- _Problem details_
Some lines in the entries contain the word "double". Copy all of them.

### Data

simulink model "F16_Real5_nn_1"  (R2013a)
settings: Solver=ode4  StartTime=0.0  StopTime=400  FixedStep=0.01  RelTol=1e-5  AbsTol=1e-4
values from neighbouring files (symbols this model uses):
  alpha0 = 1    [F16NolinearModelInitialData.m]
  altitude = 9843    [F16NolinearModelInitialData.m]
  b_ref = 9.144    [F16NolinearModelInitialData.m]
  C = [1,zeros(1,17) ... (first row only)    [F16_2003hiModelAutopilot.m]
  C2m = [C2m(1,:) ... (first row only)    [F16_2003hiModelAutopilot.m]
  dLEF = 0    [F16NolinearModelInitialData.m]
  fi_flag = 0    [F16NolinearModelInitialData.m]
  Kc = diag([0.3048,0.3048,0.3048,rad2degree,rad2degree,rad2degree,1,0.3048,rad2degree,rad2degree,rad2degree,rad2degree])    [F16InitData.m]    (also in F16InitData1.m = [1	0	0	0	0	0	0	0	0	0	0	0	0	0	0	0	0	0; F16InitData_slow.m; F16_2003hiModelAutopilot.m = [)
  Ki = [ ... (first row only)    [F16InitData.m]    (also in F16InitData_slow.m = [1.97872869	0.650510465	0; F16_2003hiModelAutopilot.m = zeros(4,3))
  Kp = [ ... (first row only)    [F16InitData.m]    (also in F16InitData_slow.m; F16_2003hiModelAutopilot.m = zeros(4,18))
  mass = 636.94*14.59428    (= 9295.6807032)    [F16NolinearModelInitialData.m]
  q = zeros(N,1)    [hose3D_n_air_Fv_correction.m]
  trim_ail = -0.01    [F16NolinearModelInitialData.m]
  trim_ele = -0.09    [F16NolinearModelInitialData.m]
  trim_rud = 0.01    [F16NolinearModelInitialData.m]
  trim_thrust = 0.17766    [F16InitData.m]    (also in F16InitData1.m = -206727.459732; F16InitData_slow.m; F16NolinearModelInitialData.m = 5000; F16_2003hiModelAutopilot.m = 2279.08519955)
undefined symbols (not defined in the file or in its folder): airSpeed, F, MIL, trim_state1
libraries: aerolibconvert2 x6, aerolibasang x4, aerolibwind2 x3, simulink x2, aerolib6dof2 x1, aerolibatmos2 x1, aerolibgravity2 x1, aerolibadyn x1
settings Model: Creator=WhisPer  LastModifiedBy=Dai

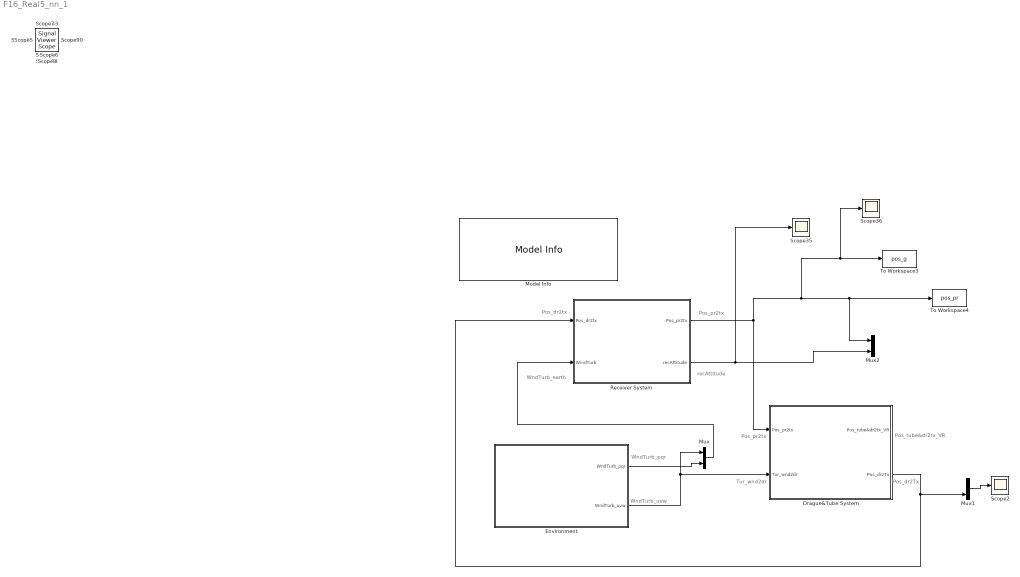
== system F16_Real5_nn_1 ==
  note: recAttitude
  note: WndTurb_uvw
  note: WndTurb_pqr
  note: Pos_dr2Tx
  note: Pos_tube&dr2tx_VR
  note: Tur_wnd2dr
  note: Pos_pr2tx
  note: WndTurb_earth
  note: Pos_dr2tx
  note: Pos_pr2tx
  Drague&Tube System : Subsystem
      mask Display: image(imread('Icon\zhuitao.png'))
  Environment : Subsystem
      mask Display: image(imread('Icon\Enviroment.jpg'))
  Model Info : simulink/Model-Wide Utilities/Model Info  InitialBlockCM=None  BlockCM=None  Frame=on  DisplayStringWithTags=|  HorizontalTextAlignment=Center  LeftAlignmentValue=0.5  SourceBlockDiagram=F16_Real5_nn_1  TagMaxNumber=20
      | Ppr_rc=[6.06 0.54 -0.86]
      | Pns_rc=[8.00 0.00  0.00]
      | Pfl_rc=[3.75 0.00 -0.86]
      | Pdr0_tk=[-13.549 0.00 5]
  Mux : Mux  Inputs=2
  Mux1 : Mux  Inputs=2
  Mux2 : Mux  Inputs=2
  Receiver System : Subsystem
      mask Display: image(imread('Icon\f16thumb.jpg'))
  Scope2 : Scope
      settings: YMin=-14  YMax=6  SaveName=ScopeData18
  Scope35 : Scope
      settings: YMin=-0.05  YMax=0.25  SaveName=ScopeData19
  Scope36 : Scope
      settings: TimeRange=20  YMin=-5.313280363223605  YMax=6.686719636776395  SaveName=ScopeData20
  To Workspace3 : ToWorkspace  VariableName=pos_g  SampleTime=-1
  To Workspace4 : ToWorkspace  VariableName=pos_pr  SampleTime=-1
  Scope{,1,3,5..9,11,13,15..34} (30 alike) : SignalViewerScope  IOType=viewer  RefreshTime=0.035000
      Scope settings: SaveName=ScopeData32
      Scope1 settings: YMin=-40  YMax=15  SaveName=ScopeData33
      Scope11 settings: SaveName=ScopeData7
      Scope13 settings: SaveName=ScopeData10
      Scope15 settings: SaveName=ScopeData12
      Scope16 settings: SaveName=ScopeData13
      Scope17 settings: SaveName=ScopeData14
      Scope18 settings: SaveName=ScopeData15
      Scope19 settings: SaveName=ScopeData16
      Scope20 settings: SaveName=ScopeData17
      Scope21 settings: SaveName=ScopeData18
      Scope22 settings: SaveName=ScopeData19
      Scope23 settings: SaveName=ScopeData20
      Scope24 settings: SaveName=ScopeData21
      Scope25 settings: SaveName=ScopeData22
      Scope26 settings: SaveName=ScopeData23
      Scope27 settings: SaveName=ScopeData24
      Scope28 settings: SaveName=ScopeData25
      Scope29 settings: SaveName=ScopeData26
      Scope3 settings: TimeRange=8  YMin=-2895.619158878505  YMax=-1095.619158878505
      Scope30 settings: SaveName=ScopeData27
      Scope31 settings: SaveName=ScopeData28
      Scope32 settings: SaveName=ScopeData29
      Scope33 settings: SaveName=ScopeData30
      Scope34 settings: YMin=-0.5  YMax=0.9  SaveName=ScopeData31
      Scope5 settings: SaveName=ScopeData2
      Scope6 settings: SaveName=ScopeData3
      Scope7 settings: SaveName=ScopeData4
      Scope8 settings: SaveName=ScopeData5
      Scope9 settings: SaveName=ScopeData9
  Scope10 : SignalViewerScope  IOType=viewer  ZoomMode=yonly  RefreshTime=0.035000
      settings: SaveName=ScopeData6
  Scope12 : SignalViewerScope  IOType=viewer  ZoomMode=xonly  RefreshTime=0.035000
      settings: SaveName=ScopeData8
  Scope14 : SignalViewerScope  IOType=viewer  ZoomMode=yonly  RefreshTime=0.035000
      settings: YMin=-1  YMax=1  SaveName=ScopeData11
  Scope4 : SignalViewerScope  IOType=viewer  ZoomMode=xonly  RefreshTime=0.035000
  wires:
  Receiver System/1(Pos_pr2tx) -> Drague&Tube System/1(Pos_pr2tx), Mux2/1, To Workspace4/1, Scope36/1, To Workspace3/1
  Drague&Tube System/2(Pos_dr2Tx) -> Receiver System/1(Pos_dr2tx), Mux1/2
  Mux/1 -> Receiver System/2(WindTurb)
  Environment/2(WndTurb_uvw) -> Drague&Tube System/2(Tur_wnd2dr), Mux/1
  Environment/1(WndTurb_pqr) -> Mux/2
  Mux1/1 -> Scope2/1
  Receiver System/2(recAttitude) -> Scope35/1, Mux2/2

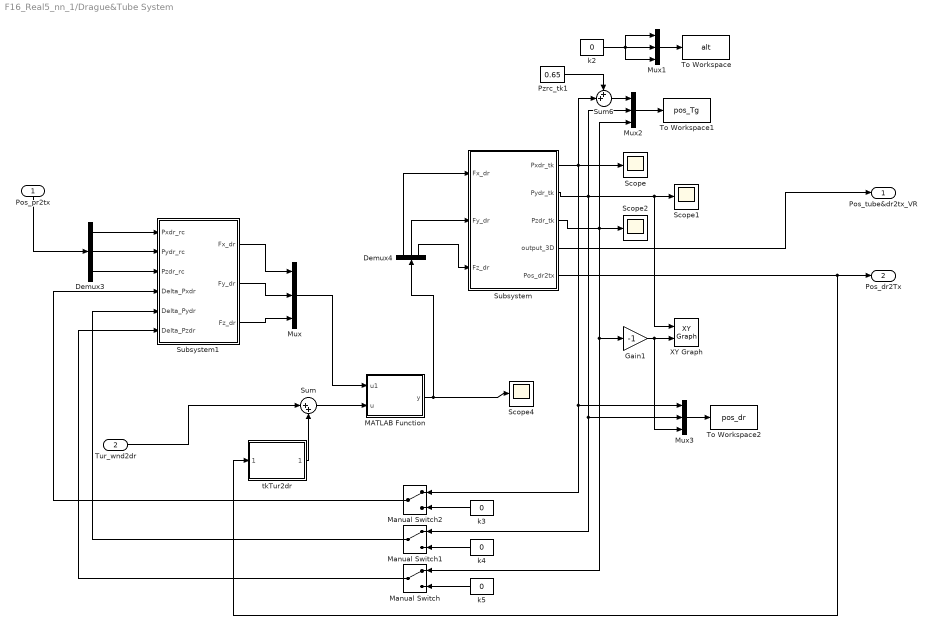
== system F16_Real5_nn_1/Drague&Tube System ==
  Pos_pr2tx : Inport
  Tur_wnd2dr : Inport  Port=2
  Demux3 : Demux  Outputs=3
  Demux4 : Demux  Outputs=3
  Gain1 : Gain  Gain=-1
  MATLAB Function : MATLAB Function  TreatAsAtomicUnit=on
  Manual Switch : ManualSwitch
  Manual Switch1 : ManualSwitch
  Manual Switch2 : ManualSwitch
  Mux{,1..3} (4 alike) : Mux  Inputs=3
  Pzrc_tk1 : Constant  Value=0.65
  Scope{,1..2,4} (4 alike) : Scope
      Scope settings: YMin=-13.32  YMax=-13.295
      Scope1 settings: YMin=-1  YMax=1
      Scope2 settings: YMin=5.155  YMax=5.22  SaveName=ScopeData2
      Scope4 settings: YMin=-2.5  YMax=47.5  SaveName=ScopeData22
  Subsystem : Subsystem
  Subsystem1 : Subsystem
  Sum : Sum  Inputs=|++
  Sum6 : Sum  Inputs=++|
  To Workspace : ToWorkspace  VariableName=alt  SampleTime=-1
  To Workspace1 : ToWorkspace  VariableName=pos_Tg  SampleTime=-1
  To Workspace2 : ToWorkspace  VariableName=pos_dr  SampleTime=-1
  XY Graph : simulink/Sinks/XY Graph  xmin=-1  xmax=1  ymin=-1-4.65  ymax=1-4.65  st=-1
  k{2..5} (4 alike) : Constant  Value=0
  tkTur2dr : MATLAB Function  TreatAsAtomicUnit=on
  Pos_tube&dr2tx_VR : Outport
  Pos_dr2Tx : Outport  Port=2
  wires:
  Demux3/2 -> Subsystem1/2(Pydr_rc)
  Demux3/3 -> Subsystem1/3(Pzdr_rc)
  Subsystem/5(Pos_dr2tx) -> tkTur2dr/1(pos_dr2tk), Pos_dr2Tx/1
  Subsystem/3(Pzdr_tk) -> Manual Switch/1, Gain1/1, Mux2/3, Scope2/1
  Gain1/1 -> Mux3/3, XY Graph/2
  Subsystem/1(Pxdr_tk) -> Mux3/1, Manual Switch2/1, Scope/1, Sum6/2
  Subsystem/2(Pydr_tk) -> Mux3/2, Manual Switch1/1, Mux2/2, XY Graph/1, Scope1/1
  Manual Switch/1 -> Subsystem1/6(Delta_Pzdr)
  Mux2/1 -> To Workspace1/1
  Mux1/1 -> To Workspace/1
  Mux3/1 -> To Workspace2/1
  k3/1 -> Manual Switch2/2
  k5/1 -> Manual Switch/2
  Pzrc_tk1/1 -> Sum6/1
  k2/1 -> Mux1/3, Mux1/1, Mux1/2
  Sum6/1 -> Mux2/1
  Manual Switch2/1 -> Subsystem1/4(Delta_Pxdr)
  Manual Switch1/1 -> Subsystem1/5(Delta_Pydr)
  k4/1 -> Manual Switch1/2
  Subsystem/4(output_3D) -> Pos_tube&dr2tx_VR/1
  Demux3/1 -> Subsystem1/1(Pxdr_rc)
  Subsystem1/1(Fx_dr) -> Mux/1
  Subsystem1/2(Fy_dr) -> Mux/2
  Sum/1 -> MATLAB Function/2(u)
  Demux4/1 -> Subsystem/1(Fx_dr)
  Demux4/2 -> Subsystem/2(Fy_dr)
  Demux4/3 -> Subsystem/3(Fz_dr)
  Subsystem1/3(Fz_dr) -> Mux/3
  Tur_wnd2dr/1 -> Sum/1
  tkTur2dr/1(TkTur2dr) -> Sum/2
  MATLAB Function/1(y) -> Scope4/1, Demux4/1
  Pos_pr2tx/1 -> Demux3/1
  Mux/1 -> MATLAB Function/1(u1)

== system F16_Real5_nn_1/Environment ==
  DCM : Constant  Value=eye(3)
  Discrete Wind Gust Model - On : aerolibwind2/Discrete Wind Gust Model  units=Metric (MKS)  Gx=on  Gy=on  Gz=on  t_0=81  d_m=[120 40 40]  v_m=[0 1 1]
  Dot Product2 : DotProduct  SaturateOnIntegerOverflow=on  OutDataTypeStr=Inherit: Inherit via internal rule
  Dryden Wind Turbulence Model (Continuous (+q -r)) : aerolibwind2/Dryden Wind Turbulence Model  (Continuous (+q -r))  units=Metric (MKS)  spec=MIL-F-8785C  model=Continuous Dryden (+q -r)  W20=5  Wdeg=0  TurbProb=10^-1  L_high=533.5  Wingspan=6  ts=0.01  Seed=1+fix(3650*rand(1,4))  T_on=on
  Length Conversion : aerolibconvert2/Length Conversion  IU=ft  OU=m
  Length Conversion1 : aerolibconvert2/Length Conversion  IU=ft  OU=m
  Sum : Sum  Inputs=+++  SaturateOnIntegerOverflow=on  InputSameDT=on  OutDataTypeStr=Inherit: Same as first input
  V2 : Math  Operator=sqrt  SaturateOnIntegerOverflow=on
  Wind Shear Model : aerolibwind2/Wind Shear Model  units=Metric (MKS)  phase=Category C - Terminal Flight Phase  W_20=1  Wdeg=0
  constan1 : Constant  Value=airSpeed
  constant : Constant  Value=altitude
  WndTurb_pqr : Outport
  WndTurb_uvw : Outport  Port=2
  wires:
  Sum/1 -> WndTurb_uvw/1
  DCM/1 -> Dryden Wind Turbulence Model (Continuous (+q -r))/3, Wind Shear Model/2
  V2/1 -> Dryden Wind Turbulence Model (Continuous (+q -r))/2, Discrete Wind Gust Model - On/1
  Dryden Wind Turbulence Model (Continuous (+q -r))/2 -> WndTurb_pqr/1
  constant/1 -> Length Conversion/1
  Dryden Wind Turbulence Model (Continuous (+q -r))/1 -> Sum/2
  Dot Product2/1 -> V2/1
  constan1/1 -> Length Conversion1/1
  Length Conversion/1 -> Dryden Wind Turbulence Model (Continuous (+q -r))/1, Wind Shear Model/1
  Length Conversion1/1 -> Dot Product2/1, Dot Product2/2

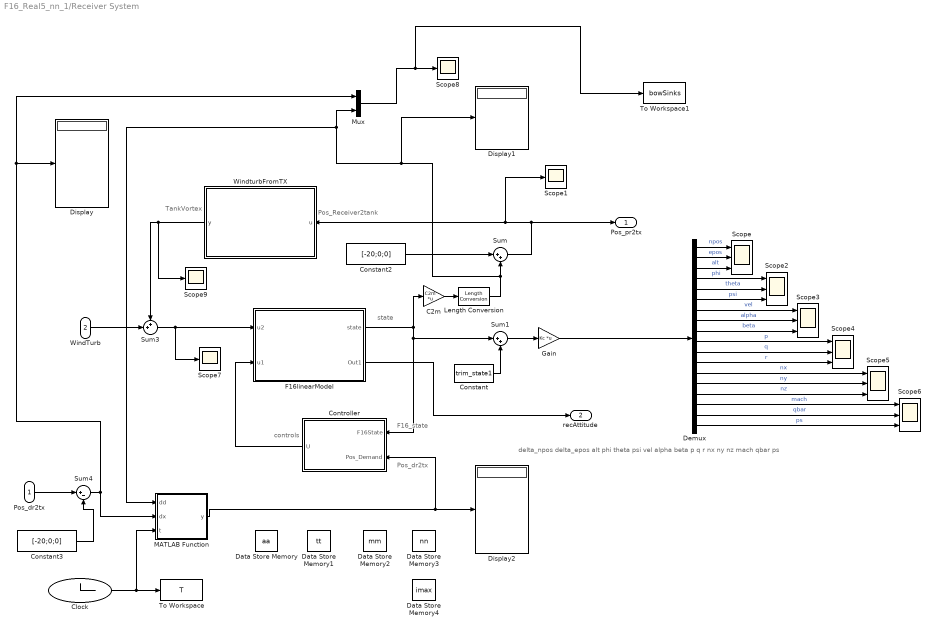
== system F16_Real5_nn_1/Receiver System ==
  note: controls
  note: Pos_dr2tx
  note: F16_state
  note: TankVortex
  note: Pos_Receiver2tank
  note: state
  note: delta_npos
      | delta_epos
      | alt
      | phi
      | theta
      | psi
      | vel
      | alpha
      | beta
      | p
      | q
      | r
      | nx
      | ny
      | nz
      | mach
      | qbar
      | ps
  Pos_dr2tx : Inport
  WindTurb : Inport  Port=2
  C2m : Gain  Gain=C2m  Multiplication=Matrix(K*u) (u vector)
  Clock : Clock
      settings: Decimation=50
  Constant : Constant  Value=trim_state1
  Constant2 : Constant  Value=[-20;0;0]
  Constant3 : Constant  Value=[-20;0;0]
  Controller : Subsystem
      mask Display: image(imread('Icon\F16_Pilot.jpg'))
  Data Store Memory : DataStoreMemory  DataStoreName=aa  InitialValue=[0;0;0]  OutDataTypeStr=double
  Data Store Memory1 : DataStoreMemory  DataStoreName=tt  OutDataTypeStr=double  Dimensions=1
  Data Store Memory2 : DataStoreMemory  DataStoreName=mm  InitialValue=[0;0.3;-0.3]  OutDataTypeStr=double
  Data Store Memory3 : DataStoreMemory  DataStoreName=nn  InitialValue=[0.2,0.1,-0.1]  OutDataTypeStr=double
  Data Store Memory4 : DataStoreMemory  DataStoreName=imax  InitialValue=[0;0]  OutDataTypeStr=double
  Demux : Demux  Outputs=18
  Display : Display
  Display1 : Display
  Display2 : Display
  F16linearModel : Subsystem
      mask Display: image(imread('Icon\fighter_f16.jpg'))
  Gain : Gain  Gain=Kc  Multiplication=Matrix(K*u) (u vector)
  Length Conversion : aerolibconvert2/Length Conversion  IU=ft  OU=m
  MATLAB Function : MATLAB Function  TreatAsAtomicUnit=on
  Mux : Mux  Inputs=2
  Scope{,2..6} (6 alike) : Scope  NumInputPorts=3
      Scope settings: YMin=-2.95~-3.2~2993.65  YMax=-1.9~-1.6~2994.13  SaveName=position  Decimation=20
      Scope2 settings: YMin=-5~-5~-5  YMax=5~5~5  SaveName=ScopeData10  Decimation=20
      Scope3 settings: YMin=119.65~0~-1.5  YMax=120.125~4~1.25  SaveName=ScopeData11  Decimation=20
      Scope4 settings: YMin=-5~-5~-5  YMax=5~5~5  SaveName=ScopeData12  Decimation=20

######

- _Exercise result_
  Data Store Memory : DataStoreMemory  DataStoreName=aa  InitialValue=[0;0;0]  OutDataTypeStr=double
  Data Store Memory1 : DataStoreMemory  DataStoreName=tt  OutDataTypeStr=double  Dimensions=1
  Data Store Memory2 : DataStoreMemory  DataStoreName=mm  InitialValue=[0;0.3;-0.3]  OutDataTypeStr=double
  Data Store Memory3 : DataStoreMemory  DataStoreName=nn  InitialValue=[0.2,0.1,-0.1]  OutDataTypeStr=double
  Data Store Memory4 : DataStoreMemory  DataStoreName=imax  InitialValue=[0;0]  OutDataTypeStr=double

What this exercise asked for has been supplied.